También se señala la obesidad (que va en aumento y conduce a la diabetes, la hipertensión arterial, la dislipidemia y, por consiguiente, el riesgo coronario); el sedentarismo y la diabetes, una patología que va claramente en aumento y que incrementa el riesgo cardiovascular en las mujeres de tres a siete veces (en comparación con sólo dos o tres veces en los hombres). El aislamiento y la precariedad también son culpables, vectores de falta de cuidado y vigilancia.

En cuanto al estrés, que es el principal factor de un tercio de los ataques cardíacos, no se debe descuidar. Sobre todo porque ahora se ha demostrado que las mujeres son menos resistentes a él que sus parejas.

Este mal estilo de vida forma parte de una verdadera fragilidad femenina, vinculada a una fisiopatología específica. Sus arterias son más finas (y se vuelven rígidas y se engrosan rápidamente con la menopausia), producen coágulos con mayor facilidad, sus placas de ateroma son morfológicamente diferentes (y más sujetas a la erosión), presentan disecciones coronarias más espontáneas (compresión-oclusión, o incluso ruptura de la arteria) .

Síntomas desconocidos y a menudo ignorados

En el caso de un accidente agudo, la disparidad está todavía muy presente. La razón de ello es que los síntomas en las mujeres no son necesariamente «típicos» como en los hombres (dolor en el pecho que se irradia al brazo y la mandíbula izquierdos) y pueden pasar fácilmente desapercibidos para la mujer o ser malinterpretados y descuidados por la profesión médica: Fatiga grave, falta de aliento, dificultad para respirar (signos que pueden evocar ansiedad, angustia o incluso depresión), pero también náuseas, vómitos, sudor, dolor de estómago (signos que pueden confundirse con problemas digestivos).

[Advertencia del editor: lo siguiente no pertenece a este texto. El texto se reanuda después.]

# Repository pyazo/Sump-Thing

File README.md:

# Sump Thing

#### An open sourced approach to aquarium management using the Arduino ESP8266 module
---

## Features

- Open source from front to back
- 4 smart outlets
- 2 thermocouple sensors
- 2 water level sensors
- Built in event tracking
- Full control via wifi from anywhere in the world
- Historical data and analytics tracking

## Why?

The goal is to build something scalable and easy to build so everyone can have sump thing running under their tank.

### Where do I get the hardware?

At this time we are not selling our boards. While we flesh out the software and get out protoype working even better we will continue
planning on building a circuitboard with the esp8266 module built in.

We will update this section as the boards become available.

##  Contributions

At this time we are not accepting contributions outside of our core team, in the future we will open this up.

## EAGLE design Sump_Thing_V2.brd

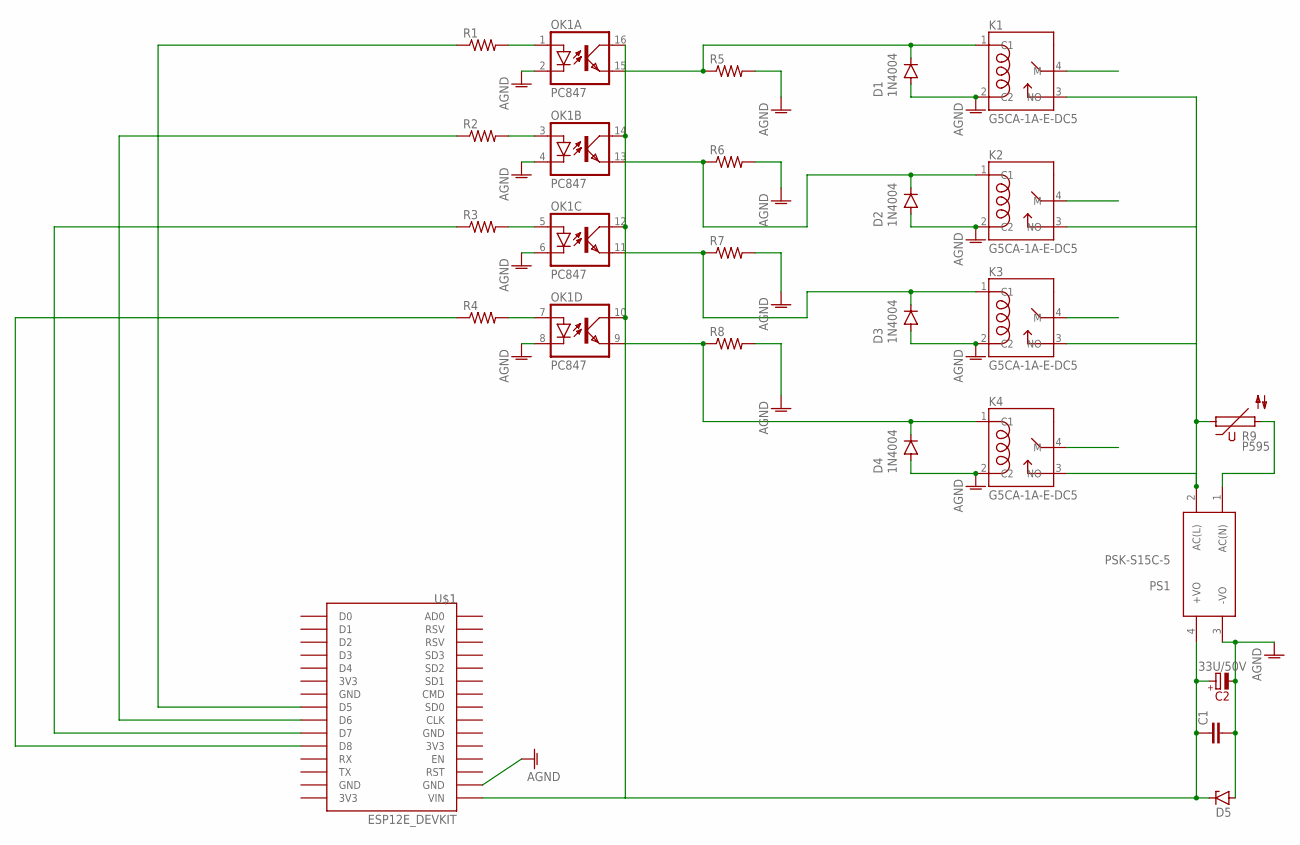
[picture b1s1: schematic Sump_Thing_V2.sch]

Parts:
C1: C2.5/2; C2.5-2
C2: 33U/50V; E3,5-8
D1, D2, D3, D4: 1N4004; DO41-10
D5: ZENER-DIODESMB; SMB
K1, K2, K3, K4: G5CA-1A-E-DC5; RELAY_G5CA-1A-E-DC5
OK1: PC847; DIL16
PS1: PSK-S15C-5; CONV_PSK-S15C-5
R1, R2, R3, R4, R5, R6, R7, R8: R-US_0207/10; 0207/10
R9: P595
U$1: ESP12E_DEVKIT

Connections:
AGND: C1.2, C2.-, D1.A, D2.A, D3.A, D4.A, D5.A, K1.2 (C2), K2.2 (C2), K3.2 (C2), K4.2 (C2), OK1.2 (C), OK1.4 (C), OK1.6 (C), OK1.8 (C), PS1.3 (-VO), R5.2, R6.2, R7.2, R8.2, U$1.GND@1 (GND)
unnamed: K1.3 (NO), K2.3 (NO), K3.3 (NO), K4.3 (NO), PS1.2 (AC(L)), R9.1
unnamed: D2.C, K2.1 (C1), OK1.13 (EMIT), R6.1
unnamed: D3.C, K3.1 (C1), OK1.11 (EMIT), R7.1
unnamed: D4.C, K4.1 (C1), OK1.9 (EMIT), R8.1
unnamed: D1.C, K1.1 (C1), OK1.15 (EMIT), R5.1
unnamed: C1.1, C2.+, D5.C, OK1.10 (COL), OK1.12 (COL), OK1.14 (COL), OK1.16 (COL), PS1.4 (+VO), U$1.VIN
unnamed: OK1.3 (A), R2.2
unnamed: OK1.1 (A), R1.2
unnamed: OK1.5 (A), R3.2
unnamed: OK1.7 (A), R4.2
unnamed: R1.1, U$1.D5
unnamed: R2.1, U$1.D6
unnamed: R3.1, U$1.D7
unnamed: R4.1, U$1.D8
unnamed: PS1.1 (AC(N)), R9.2

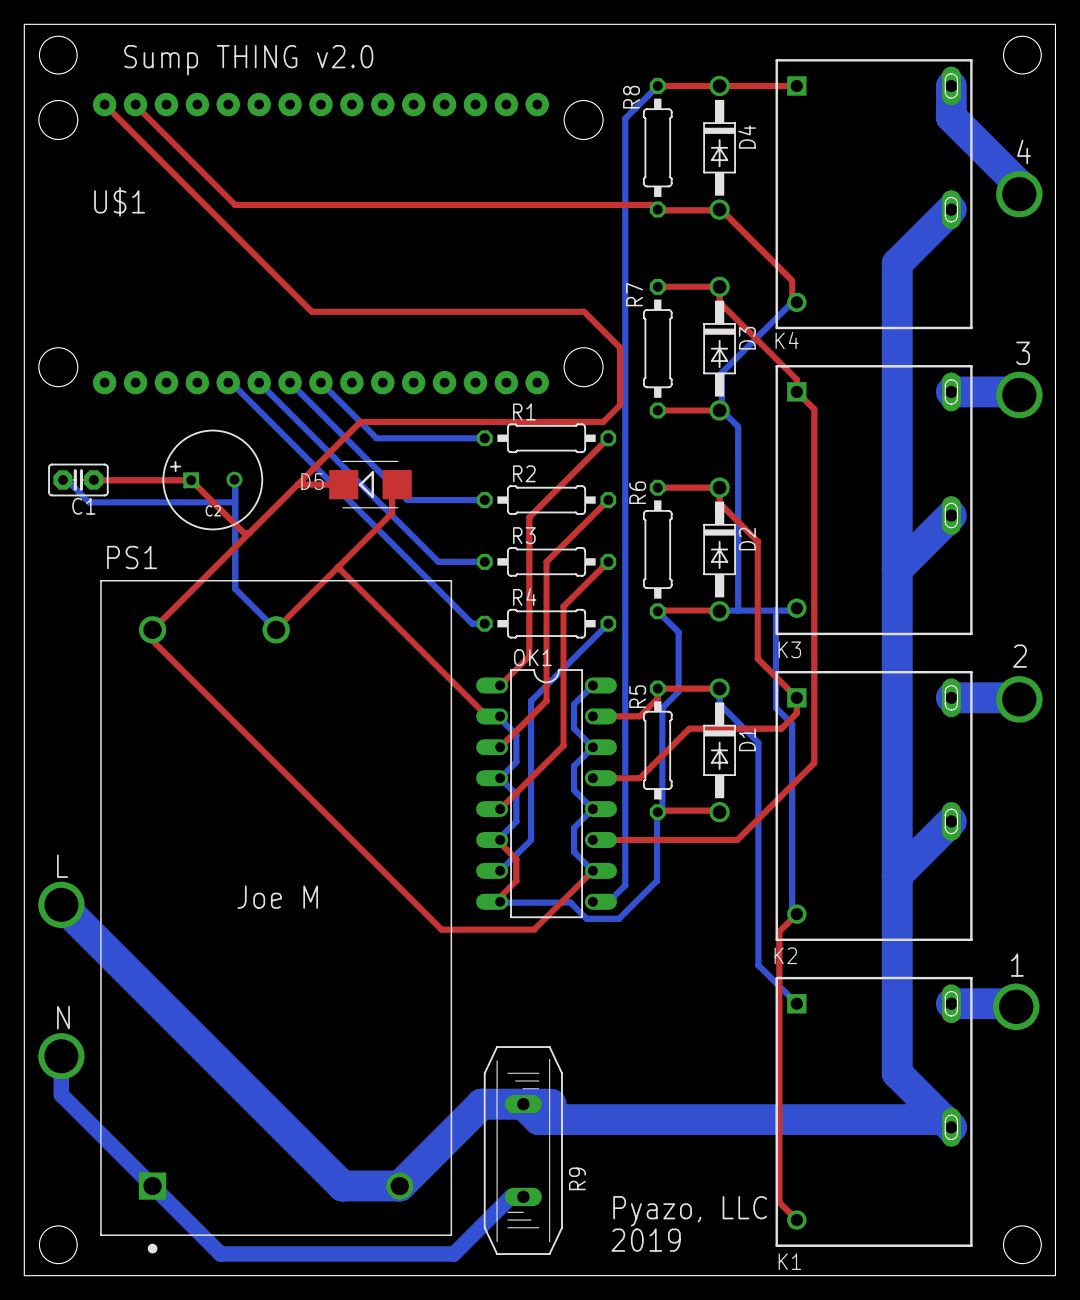
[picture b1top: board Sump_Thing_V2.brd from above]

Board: 2 copper layers, 84.8 x 102.9 mm, 23 parts (0 on the bottom side), 16 nets.

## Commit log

2018-07-15 Initial
2018-10-06 Fixed data types
2018-10-06 No more stack overflow :D
2018-10-06 Update pin numbers, fix some logic
2018-10-06 Cleaned up code
2018-10-07 Refactored some code
2018-10-08 WIP: extract some code
2018-10-08 Working code!
2018-10-08 Remove debug
2018-10-08 Clean up code some
2018-10-08 Create LICENSE
2018-10-09 Updates on command handling, add command for single outlet toggle
2018-10-10 Updated some func names
2019-11-02 Remove brd + sch files
2019-11-05 Basic wifi broadcast with DNS forwarding
2019-11-11 Read from SPIFFS file system
2019-11-14 Real JSON return from /networks
2020-04-09 Got wifi working
2020-04-14 Save WiFi and connect to saved WiFi on reboot

Esta falta de conocimiento y subestimación del dolor por parte de las propias mujeres hace que éstas tarden más en acudir a los servicios de emergencia o en llamar al Samu, lo que provoca retrasos en el diagnóstico y el tratamiento, lo que aumenta el riesgo de mortalidad.

Medidas simples pero eficaces

Casi todos los factores de riesgo (alrededor del 90%) son modificables, de ahí la necesidad de una información «activa» para las mujeres, que ya es una de las prioridades de la Federación Francesa de Cardiología.

  • Dejar de fumar, que es imperativo a cualquier edad, permite reducir el riesgo cardiovascular en un tercio a los dos años de edad y completamente a los cinco años de edad.
  • Dado que una dieta baja en frutas y verduras es responsable del 14% de los infartos de miocardio, se recomienda especialmente aumentar la dosis de plantas, que protegen tanto las células vasculares como las miocárdicas (en particular gracias a la vitamina K, un vasodilatador) y contribuyen a la lucha contra el sobrepeso y la obesidad.
  • La lucha contra el sedentarismo (responsable del 12% de los ataques cardíacos) es también una ventaja importante, por sus beneficios sobre el corazón (un músculo que necesita ser entrenado), sobre el peso y sobre la hipertensión. La actividad física moderada (el equivalente a 30 minutos de caminata rápida cinco veces por semana) reduce el riesgo cardiovascular a la mitad.
  • El estrés y los factores psicológicos (depresión, ansiedad), es importante aliviarlos a través de la actividad deportiva, pero también cualquier disciplina o terapia efectiva: terapias conductuales y cognitivas, sofrología, coherencia cardíaca, yoga, meditación.